These are the key concepts you need to understand to accurately answer the question.

Analytic Function
An analytic function is a type of complex function that is differentiable at every point in its domain, not just at isolated points.
This differentiability must also hold true in some neighborhood around each point.
  • An important characteristic of analytic functions is that they can be represented as a power series.
  • Because of this, they are also called holomorphic functions.
In our problem, the function is given as \( w = \cosh \pi z \), which is expressed using hyperbolic cosine, \( \cosh z = \frac{e^z + e^{-z}}{2} \).
This function is entire, meaning it is analytic across the entire complex plane.
Thus, there are no points in the complex plane where the function fails to be analytic.
Complex Plane
The complex plane is a fundamental tool in complex analysis that allows for the visualization and analysis of complex numbers.
Each complex number \( z = x + yi \) can be seen as a point or a vector on this plane, where \( x \) is the real part and \( y \) is the imaginary part.
  • The horizontal axis (real axis) represents the real component.
  • The vertical axis (imaginary axis) represents the imaginary component.

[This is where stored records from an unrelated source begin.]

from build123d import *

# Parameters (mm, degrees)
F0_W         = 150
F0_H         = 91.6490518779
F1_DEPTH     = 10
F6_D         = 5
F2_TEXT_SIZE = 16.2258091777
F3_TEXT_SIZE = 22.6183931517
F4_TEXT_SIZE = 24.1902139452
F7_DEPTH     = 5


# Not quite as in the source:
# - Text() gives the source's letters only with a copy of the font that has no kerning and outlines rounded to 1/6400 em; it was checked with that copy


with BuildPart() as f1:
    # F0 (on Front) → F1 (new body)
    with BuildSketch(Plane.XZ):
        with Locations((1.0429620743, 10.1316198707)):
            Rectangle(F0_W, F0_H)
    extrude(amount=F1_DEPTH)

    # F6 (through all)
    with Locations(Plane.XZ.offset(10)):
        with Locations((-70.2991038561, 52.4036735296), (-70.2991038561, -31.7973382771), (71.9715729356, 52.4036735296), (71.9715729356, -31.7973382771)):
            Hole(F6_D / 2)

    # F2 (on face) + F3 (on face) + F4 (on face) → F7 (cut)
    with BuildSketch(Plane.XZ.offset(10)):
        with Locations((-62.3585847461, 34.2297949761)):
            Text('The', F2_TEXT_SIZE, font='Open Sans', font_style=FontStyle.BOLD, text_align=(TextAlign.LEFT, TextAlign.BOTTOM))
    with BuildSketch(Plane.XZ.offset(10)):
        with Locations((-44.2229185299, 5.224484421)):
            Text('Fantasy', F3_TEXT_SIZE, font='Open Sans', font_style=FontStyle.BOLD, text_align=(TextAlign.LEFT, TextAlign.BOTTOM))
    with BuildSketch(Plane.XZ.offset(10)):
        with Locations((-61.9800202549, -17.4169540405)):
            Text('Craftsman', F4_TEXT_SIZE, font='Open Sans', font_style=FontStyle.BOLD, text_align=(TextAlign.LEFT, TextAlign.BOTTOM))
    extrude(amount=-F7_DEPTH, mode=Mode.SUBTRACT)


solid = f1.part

When working with functions like \( w = \cosh \pi z \), we analyze how they transform points from one region of the complex plane to another.
Since this function is entire, it is continually defined and differentiable throughout the entire plane.
Derivative
In the context of complex functions, the derivative is a measure of how a function changes as its input changes, just as in real-valued functions.
However, the derivative in the complex sense must satisfy the Cauchy-Riemann equations.To determine where our function \( w = \cosh \pi z \) is not conformal, we look at its derivative: \( \frac{dw}{dz} = \pi \sinh \pi z \).
The function will not be conformal where this derivative equals zero.
  • To find these points, solve \( \pi \sinh \pi z = 0 \), which reduces to \( \sinh \pi z = 0 \).
  • This occurs when \( \pi z = n\pi i \), or just \( z = ni \) for integers \( n \).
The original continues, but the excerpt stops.